A question about the use of *i* vs *på*:
I know that in Danish you can go *i skole*or *på skole*. I think one refers to university and the other grade school or something like that, but I'm not sure which is which. Is it the same in Norwegian?


----------



## NorwegianNYC

_Han er i skolen_ usually means "he is working in the school system". _Han er på skolen_ means "he is at school". The idiomatic expression "å ta i skole" means to train or instruct someone.


----------



## raumar

NorwegianNYC said:


> Cerb - as much as I agree with both you and raumer, I feel you are missing an important nuance. The propositions *til* and *på* have similar, but not identical properties, in this case. The use of *til* describes the process (i.e. direction, movement) as well as the destination, whereas *på* identifies and put emphasis on the destination itself.
> 
> "Hvor skal du?" "Jeg skal (dvs. er på vei) til en konsert i operaen"
> "Hvor skal du?" "Jeg skal på konsert med noen venner"
> 
> The emphasis shifts from the goal to the process with the use of *til*: "Jeg skal til jobben" = I am _on my way_ to work. Conversely, "jeg skal på jobb" = I have _to be_ at work.
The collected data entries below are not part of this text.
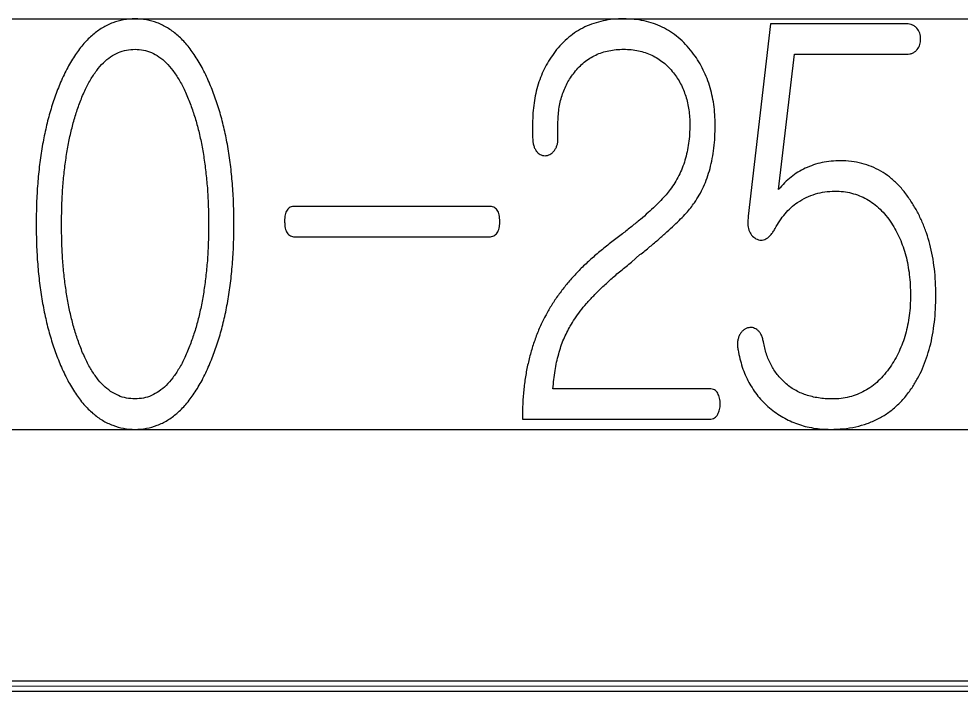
# Model space of a CAD drawing. Header units: inches. Extents: x 0 to 23821, y 0 to 11279.
# Drawn here: x 17479.52 to 17488.69, y 6139.33 to 6145.88 of the extents above; entities that cross this region are included whole.
import ezdxf

# ---------------------------------------------------------------- set-up
doc = ezdxf.new("R2010")
doc.units = ezdxf.units.IN
doc.header["$LTSCALE"] = 10
doc.header["$MEASUREMENT"] = 0

# ---------------------------------------------------------------- blocks, each defined once
blk = doc.blocks.new('A$C264124D8')
at = {"ltscale": 3}
for p, q in [((-11, -3.5), (11, -3.5)), ((-11, -7.5), (11, -7.5))]:
    blk.add_line(p, q, dxfattribs=at)

msp = doc.modelspace()

# ---------------------------------------------------------------- linework, layer by layer
for p, q in [((17486.8335493, 6145.82937458), (17486.61749993, 6143.95514623)), ((17488.15916662, 6145.82937458), (17486.8335493, 6145.82937458)), ((17486.91379625, 6144.21440548), (17487.0688887, 6145.53307827)), ((17487.0688887, 6145.53307827), (17488.16148142, 6145.53307827)), ((17484.51774675, 6144.8594672), (17484.51774675, 6144.72829437)), ((17484.76466033, 6144.71054756), (17484.76466033, 6144.8563808)), ((17484.0939196, 6144.05159679), (17482.20271591, 6144.05159679)), ((17482.20271591, 6143.75530047), (17484.0939196, 6143.75530047)), ((17485.48070967, 6143.50838706), (17485.56327141, 6143.58091777)), ((17486.2422838, 6142.27381887), (17484.71527764, 6142.27381887)), ((17484.41898133, 6141.97752279), (17486.2415122, 6141.97752279)), ((17467.83390709, 6139.4278211), (17498.73390691, 6139.4278211)), ((17467.73390726, 6139.32782127), (17498.83390674, 6139.32782127))]:
    msp.add_line(p, q)
at = {"color": 30, "linetype": 'Continuous', "lineweight": 0}
msp.add_line((17467.783907, 6139.37782156), (17498.783907, 6139.37782156), dxfattribs=at)
for points, knots in [([(17480.64666895, 6145.87875732), (17480.6091856, 6145.87679537), (17480.53541317, 6145.87293396), (17480.42775138, 6145.84297466), (17480.32682926, 6145.79378794), (17480.23188682, 6145.72489518), (17480.14359053, 6145.63679186), (17480.06320628, 6145.52835519), (17479.98556951, 6145.40310864), (17479.94341871, 6145.30962417), (17479.92136031, 6145.26070177)], [0, 0, 0, 0, 0.1109427641, 0.2183508065, 0.3284396569, 0.4420104859, 0.5643333357, 0.6964787234, 0.8411608994, 1, 1, 1, 1]), ([(17481.36811956, 6145.26070177), (17481.34596576, 6145.30956178), (17481.30368789, 6145.40280525), (17481.2272981, 6145.52889138), (17481.14577652, 6145.63626322), (17481.05846482, 6145.72492017), (17480.96419661, 6145.79373406), (17480.86386247, 6145.84313403), (17480.75686871, 6145.87276474), (17480.68362927, 6145.87674745), (17480.64666895, 6145.87875732)], [0, 0, 0, 0, 0.1593640809, 0.3041272245, 0.437173731, 0.5593590371, 0.6726853305, 0.7824504959, 0.8902135335, 1, 1, 1, 1]), ([(17485.40432083, 6145.87875732), (17485.37004178, 6145.87807646), (17485.30316895, 6145.8767482), (17485.20576724, 6145.86027282), (17485.11346131, 6145.83605769), (17485.02616161, 6145.80119119), (17484.94501007, 6145.75534436), (17484.86937951, 6145.69968117), (17484.79845527, 6145.63487334), (17484.75713673, 6145.58479583), (17484.73611095, 6145.55931288)], [0, 0, 0, 0, 0.1336079248, 0.2606472317, 0.3843121443, 0.5054427722, 0.6263112167, 0.7469461311, 0.8712284379, 1, 1, 1, 1]), ([(17486.07253071, 6145.55314004), (17486.05118578, 6145.57905886), (17486.00935896, 6145.6298485), (17485.93869683, 6145.69718852), (17485.86158166, 6145.75222362), (17485.78091937, 6145.79997914), (17485.69383544, 6145.83492942), (17485.60209193, 6145.86091454), (17485.50482889, 6145.8753891), (17485.43831642, 6145.87761807), (17485.40432083, 6145.87875732)], [0, 0, 0, 0, 0.1304317136, 0.2555896415, 0.3779540906, 0.4979728884, 0.6190031217, 0.7414818385, 0.8678672043, 1, 1, 1, 1]), ([(17488.25947515, 6145.78693634), (17488.25309291, 6145.79351442), (17488.24033354, 6145.80666534), (17488.21562388, 6145.81914598), (17488.18867966, 6145.82874643), (17488.169296, 6145.82915901), (17488.15916651, 6145.82937461)], [0, 0, 0, 0, 0.2430371701, 0.4858801435, 0.7313318093, 1, 1, 1, 1]), ([(17488.29651219, 6145.68122646), (17488.29515502, 6145.70113288), (17488.29251681, 6145.73982921), (17488.27027512, 6145.77153894), (17488.25947515, 6145.78693634)], [0, 0, 0, 0, 0.51442670397, 1, 1, 1, 1]), ([(17488.26410478, 6145.58091782), (17488.27374636, 6145.59588865), (17488.29341388, 6145.6264271), (17488.29546605, 6145.66272357), (17488.29651219, 6145.68122646)], [0, 0, 0, 0, 0.4902290215, 1, 1, 1, 1]), ([(17480.10500228, 6145.05391165), (17480.12145455, 6145.09566705), (17480.15271923, 6145.17501598), (17480.2092901, 6145.28269658), (17480.2695497, 6145.37465116), (17480.33494941, 6145.45030901), (17480.40580033, 6145.50975021), (17480.48191638, 6145.5512402), (17480.56264619, 6145.57768375), (17480.61843354, 6145.58085565), (17480.64666895, 6145.58246103)], [0, 0, 0, 0, 0.1667330186, 0.3168472492, 0.4512938065, 0.5746076265, 0.6873570981, 0.7930421253, 0.8952533327, 1, 1, 1, 1]), ([(17480.64666895, 6145.58246103), (17480.67412178, 6145.58079861), (17480.72886744, 6145.57748345), (17480.80821926, 6145.55142579), (17480.88302571, 6145.50943874), (17480.95309659, 6145.45034668), (17481.01746838, 6145.37415126), (17481.07887755, 6145.28302308), (17481.13502715, 6145.17480648), (17481.16691054, 6145.09562346), (17481.18370598, 6145.05391165)], [0, 0, 0, 0, 0.1024980653, 0.204398733, 0.3090271459, 0.4217053799, 0.5451194635, 0.680899995, 0.8319053389, 1, 1, 1, 1]), ([(17484.73611095, 6145.55931288), (17484.71873639, 6145.53514738), (17484.68399832, 6145.48683173), (17484.6390975, 6145.40956748), (17484.60206872, 6145.32766168), (17484.57111097, 6145.24207382), (17484.5471326, 6145.15222346), (17484.53053731, 6145.05824258), (17484.51901686, 6144.96031834), (17484.51817476, 6144.89345236), (17484.51774675, 6144.8594672)], [0, 0, 0, 0, 0.1195494247, 0.2390228841, 0.3583397917, 0.4802776105, 0.6043687163, 0.731470281, 0.8635176645, 1, 1, 1, 1]), ([(17484.92438256, 6145.35715239), (17484.939463, 6145.37496462), (17484.96925353, 6145.41015161), (17485.01944273, 6145.45664611), (17485.07403304, 6145.49552966), (17485.13230546, 6145.52742006), (17485.19472163, 6145.55232658), (17485.26100363, 6145.57004273), (17485.33149096, 6145.58000077), (17485.37959878, 6145.5816259), (17485.40432083, 6145.58246103)], [0, 0, 0, 0, 0.1272088192, 0.2512934073, 0.371961245, 0.4918602294, 0.6127235862, 0.73759853, 0.8651549044, 1, 1, 1, 1]), ([(17485.40432083, 6145.58246103), (17485.42905295, 6145.58169774), (17485.47747278, 6145.58020338), (17485.54810564, 6145.5691486), (17485.61488125, 6145.55142727), (17485.67805653, 6145.52677069), (17485.73695295, 6145.49396969), (17485.79200042, 6145.45427856), (17485.84373373, 6145.40780581), (17485.87363705, 6145.3717063), (17485.88888873, 6145.35329436)], [0, 0, 0, 0, 0.1334005579, 0.2611677212, 0.3847049333, 0.5055630864, 0.6260621949, 0.7473736124, 0.8711522072, 1, 1, 1, 1]), ([(17486.29552453, 6144.84094868), (17486.29465948, 6144.87568856), (17486.2929642, 6144.9437696), (17486.28332515, 6145.0437295), (17486.26499948, 6145.13898387), (17486.24157516, 6145.23060499), (17486.20985297, 6145.31787192), (17486.17071287, 6145.40060334), (17486.12663826, 6145.48023566), (17486.09058223, 6145.52881746), (17486.07253071, 6145.55314004)], [0, 0, 0, 0, 0.1371252143, 0.2687294119, 0.3957441244, 0.5195839422, 0.6416007921, 0.7614837423, 0.8805863619, 1, 1, 1, 1]), ([(17488.16148132, 6145.53307831), (17488.1713479, 6145.53362072), (17488.19076862, 6145.53468837), (17488.21818483, 6145.54473513), (17488.24378326, 6145.55918556), (17488.25723189, 6145.57356781), (17488.26410478, 6145.58091782)], [0, 0, 0, 0, 0.2525061489, 0.497016503, 0.742951547, 1, 1, 1, 1]), ([(17484.76466033, 6144.85638078), (17484.76500455, 6144.88084067), (17484.76568031, 6144.92885985), (17484.77399024, 6144.99945651), (17484.78570958, 6145.0672206), (17484.80384117, 6145.13162138), (17484.82618187, 6145.19281593), (17484.85323219, 6145.25106494), (17484.88557703, 6145.30630476), (17484.91142065, 6145.34016815), (17484.92438256, 6145.35715239)], [0, 0, 0, 0, 0.1368407958, 0.2686432412, 0.3974149745, 0.5214141971, 0.6425725915, 0.7617299408, 0.8804952524, 1, 1, 1, 1]), ([(17485.88888873, 6145.35329436), (17485.9018519, 6145.33605036), (17485.92770701, 6145.30165713), (17485.9600512, 6145.24564929), (17485.98707214, 6145.18662569), (17486.00958993, 6145.12445256), (17486.02732236, 6145.05918388), (17486.03945548, 6144.99048), (17486.04755794, 6144.91881867), (17486.04825566, 6144.86977845), (17486.04861095, 6144.84480671)], [0, 0, 0, 0, 0.1190527467, 0.2374512358, 0.3563004444, 0.4771696114, 0.6022471003, 0.7292931742, 0.8621535461, 1, 1, 1, 1]), ([(17479.92136031, 6145.26070177), (17479.90224086, 6145.21282443), (17479.863296, 6145.11530192), (17479.81528402, 6144.96232742), (17479.77429674, 6144.80159868), (17479.74144274, 6144.63278516), (17479.71506909, 6144.45594684), (17479.69686183, 6144.27079118), (17479.68600771, 6144.07744819), (17479.68448381, 6143.94590124), (17479.68370598, 6143.87875732)], [0, 0, 0, 0, 0.1095489163, 0.2231428661, 0.3404899582, 0.4619668986, 0.5885335608, 0.7203959727, 0.8572851153, 1, 1, 1, 1]), ([(17481.60963191, 6143.87875732), (17481.60894543, 6143.94590633), (17481.60760034, 6144.07747815), (17481.59545961, 6144.27076438), (17481.57750047, 6144.45593884), (17481.55132196, 6144.63287565), (17481.51745688, 6144.8016137), (17481.47575687, 6144.9623531), (17481.42695791, 6145.11532853), (17481.38749609, 6145.21282774), (17481.36811956, 6145.26070177)], [0, 0, 0, 0, 0.14262369157, 0.27945699876, 0.41123515212, 0.53772093976, 0.65922716938, 0.77663537565, 0.89032358782, 1, 1, 1, 1]), ([(17479.93061956, 6143.87335609), (17479.9313316, 6143.93097601), (17479.93272453, 6144.04369481), (17479.94011581, 6144.2092267), (17479.95403873, 6144.36751985), (17479.97354609, 6144.51878891), (17479.99670187, 6144.66319683), (17480.027231, 6144.80005868), (17480.06211477, 6144.93007625), (17480.0908912, 6145.01316665), (17480.10500228, 6145.05391165)], [0, 0, 0, 0, 0.1441459542, 0.2819851166, 0.4143908486, 0.5415201538, 0.6634791428, 0.7800937339, 0.8921646688, 1, 1, 1, 1]), ([(17481.18370598, 6145.05391165), (17481.19797277, 6145.01314288), (17481.22708434, 6144.92995368), (17481.26437768, 6144.80034817), (17481.2936644, 6144.66298377), (17481.31969071, 6144.51899019), (17481.33808878, 6144.36744176), (17481.35356251, 6144.20928495), (17481.36052195, 6144.0436854), (17481.36197537, 6143.93097283), (17481.36271833, 6143.87335609)], [0, 0, 0, 0, 0.10795127015, 0.22027602539, 0.33679428561, 0.45886939485, 0.58589368337, 0.71824782058, 0.85597311925, 1, 1, 1, 1]), ([(17486.04861095, 6144.84480671), (17486.04794091, 6144.81444458), (17486.04662655, 6144.75488619), (17486.03856021, 6144.66704007), (17486.02228053, 6144.58301931), (17486.00320811, 6144.5015581), (17485.97561395, 6144.42440949), (17485.94313894, 6144.35052207), (17485.90486523, 6144.27995424), (17485.87414751, 6144.23624796), (17485.85879614, 6144.21440547)], [0, 0, 0, 0, 0.1360270202, 0.2668307887, 0.394507199, 0.5191322323, 0.6411960566, 0.7608658095, 0.8804911869, 1, 1, 1, 1]), ([(17486.09413564, 6144.08709066), (17486.1102999, 6144.11175619), (17486.14293029, 6144.1615479), (17486.1837514, 6144.24258717), (17486.21812651, 6144.32893443), (17486.24726526, 6144.42059605), (17486.26806174, 6144.51813855), (17486.28472456, 6144.62081665), (17486.29377302, 6144.72915985), (17486.29493191, 6144.80312493), (17486.29552453, 6144.84094868)], [0, 0, 0, 0, 0.1115771507, 0.2252380688, 0.3427705151, 0.4631879157, 0.5888720339, 0.7199838418, 0.8568072723, 1, 1, 1, 1]), ([(17484.51774675, 6144.72829436), (17484.51810252, 6144.71461532), (17484.518779, 6144.68860516), (17484.52624092, 6144.65192577), (17484.53620721, 6144.61885835), (17484.5477013, 6144.60002495), (17484.55324058, 6144.59094868)], [0, 0, 0, 0, 0.2848003071, 0.5415368566, 0.7790556589, 1, 1, 1, 1]), ([(17484.72530848, 6144.59017708), (17484.73133087, 6144.59819368), (17484.7436049, 6144.61453206), (17484.75547028, 6144.64366834), (17484.76376239, 6144.67587744), (17484.76435234, 6144.69865578), (17484.76466033, 6144.71054745)], [0, 0, 0, 0, 0.2319163598, 0.4726614271, 0.724697483, 1, 1, 1, 1]), ([(17484.55324058, 6144.59094868), (17484.5591123, 6144.58394555), (17484.57023164, 6144.57068362), (17484.59123712, 6144.55625459), (17484.61426757, 6144.5472367), (17484.63057574, 6144.54603603), (17484.63888873, 6144.54542399)], [0, 0, 0, 0, 0.2716142821, 0.514359363, 0.7524476191, 1, 1, 1, 1]), ([(17484.63888873, 6144.54542399), (17484.64720783, 6144.54602596), (17484.66352797, 6144.5472069), (17484.68667067, 6144.55644931), (17484.70801718, 6144.57037268), (17484.7194198, 6144.58343254), (17484.72530848, 6144.59017708)], [0, 0, 0, 0, 0.2473643586, 0.4852717806, 0.734177365, 1, 1, 1, 1]), ([(17487.51487638, 6144.49604128), (17487.48446137, 6144.49521546), (17487.42459096, 6144.49358988), (17487.3370568, 6144.47883383), (17487.25244541, 6144.45731871), (17487.1995451, 6144.43427692), (17487.1730554, 6144.42273881)], [0, 0, 0, 0, 0.2587864719, 0.5094080408, 0.7543373224, 1, 1, 1, 1]), ([(17488.21009243, 6144.09017708), (17488.18869756, 6144.12235141), (17488.14699948, 6144.18505839), (17488.0737016, 6144.26806458), (17487.99494716, 6144.33889172), (17487.91015393, 6144.3966931), (17487.81943797, 6144.44127218), (17487.72306829, 6144.47272917), (17487.62091133, 6144.49294261), (17487.55072481, 6144.49499367), (17487.51487638, 6144.49604128)], [0, 0, 0, 0, 0.137263924, 0.2675240566, 0.392541485, 0.513034353, 0.6312424566, 0.7506894809, 0.872662326, 1, 1, 1, 1]), ([(17487.1730554, 6144.42273881), (17487.1487263, 6144.41082637), (17487.09967171, 6144.38680741), (17487.03294125, 6144.33767844), (17486.96912211, 6144.28139397), (17486.93251527, 6144.23707054), (17486.91379614, 6144.21440547)], [0, 0, 0, 0, 0.24159645751, 0.48712915301, 0.73774028046, 1, 1, 1, 1]), ([(17485.85879614, 6144.21440547), (17485.84539731, 6144.19748701), (17485.81673752, 6144.1612988), (17485.76604682, 6144.10809034), (17485.70818005, 6144.04991573), (17485.64151606, 6143.98814243), (17485.56613487, 6143.92275482), (17485.4814746, 6143.85452691), (17485.38984534, 6143.78056709), (17485.32473647, 6143.73144826), (17485.2908949, 6143.70591782)], [0, 0, 0, 0, 0.0846786543, 0.1811257606, 0.2882157874, 0.4068061395, 0.537785215, 0.6798633651, 0.833602942, 1, 1, 1, 1]), ([(17487.09820972, 6144.09017708), (17487.12580059, 6144.1069806), (17487.18056242, 6144.1403319), (17487.27017749, 6144.17501146), (17487.3639833, 6144.19565008), (17487.42783822, 6144.19837073), (17487.46009243, 6144.19974498)], [0, 0, 0, 0, 0.2523135148, 0.5007870324, 0.7478389623, 1, 1, 1, 1]), ([(17487.46009243, 6144.19974498), (17487.48819226, 6144.19893923), (17487.5435055, 6144.19735316), (17487.62423986, 6144.18232083), (17487.70046105, 6144.15751528), (17487.77212733, 6144.12298907), (17487.84018764, 6144.07973281), (17487.90248059, 6144.02491992), (17487.96096284, 6143.96123578), (17487.99505961, 6143.91336195), (17488.01256157, 6143.88878819)], [0, 0, 0, 0, 0.1271124381, 0.2502150322, 0.3702562388, 0.4890028567, 0.6094781286, 0.7341348888, 0.8635307765, 1, 1, 1, 1]), ([(17482.20271589, 6144.05159683), (17482.19468553, 6144.05120415), (17482.17931693, 6144.05045264), (17482.15778495, 6144.04327315), (17482.13973415, 6144.03156561), (17482.12493767, 6144.01515549), (17482.11467342, 6143.99395438), (17482.10657191, 6143.96855309), (17482.10332635, 6143.93850835), (17482.10322983, 6143.91708063), (17482.10317885, 6143.9057635)], [0, 0, 0, 0, 0.119218229, 0.2281612234, 0.3332708448, 0.4362682022, 0.552688221, 0.6810216961, 0.831530375, 1, 1, 1, 1]), ([(17484.19808626, 6143.9057635), (17484.1974301, 6143.92731537), (17484.19626658, 6143.96553161), (17484.17656493, 6144.01524091), (17484.13979112, 6144.04735828), (17484.10969358, 6144.05013931), (17484.09391959, 6144.05159683)], [0, 0, 0, 0, 0.3173666492, 0.5627613522, 0.7708450847, 1, 1, 1, 1]), ([(17485.56327145, 6143.58091782), (17485.59553078, 6143.60676111), (17485.6577073, 6143.65657138), (17485.74543957, 6143.73040721), (17485.82453867, 6143.80027913), (17485.89538444, 6143.86526189), (17485.95749481, 6143.92668636), (17486.01137715, 6143.9832328), (17486.0568907, 6144.03572935), (17486.0822632, 6144.07071838), (17486.09413564, 6144.08709066)], [0, 0, 0, 0, 0.16857770266, 0.32491600444, 0.46760956263, 0.59900164307, 0.71694195536, 0.82379491091, 0.91754907928, 1, 1, 1, 1]), ([(17486.87907392, 6143.83477584), (17486.89369028, 6143.86059503), (17486.92243506, 6143.91137146), (17486.97436625, 6143.98013571), (17487.03244403, 6144.04068442), (17487.07638709, 6144.07375423), (17487.09820972, 6144.09017708)], [0, 0, 0, 0, 0.2618193319, 0.5148981881, 0.7590928432, 1, 1, 1, 1]), ([(17488.44466033, 6143.18508449), (17488.44388203, 6143.22934381), (17488.44235923, 6143.31593949), (17488.4315153, 6143.44329139), (17488.41299921, 6143.56490104), (17488.38782528, 6143.68133353), (17488.35435292, 6143.79184125), (17488.31458343, 6143.89711551), (17488.26646951, 6143.99661977), (17488.22883746, 6144.05906985), (17488.21009243, 6144.09017708)], [0, 0, 0, 0, 0.14008129881, 0.27407636984, 0.40417680113, 0.52920934146, 0.65077229557, 0.76930446149, 0.88508745192, 1, 1, 1, 1]), ([(17486.61749984, 6143.95514621), (17486.61464773, 6143.93044304), (17486.60938215, 6143.88483593), (17486.62073329, 6143.82123762), (17486.6475239, 6143.76824102), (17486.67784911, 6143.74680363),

Thanks for this explanation, NYC. I agree. And I think we can unite the different explanations: whereas *til *describes the process/direction,* på* gives room for other aspects of the destination -- such as the activity that goes on there.   

You are right about "på sjømannskirka", I had not thought about that. But I would not use "på kirka" about a church in Norway. I suppose this just shows how difficult prepositions may be.


----------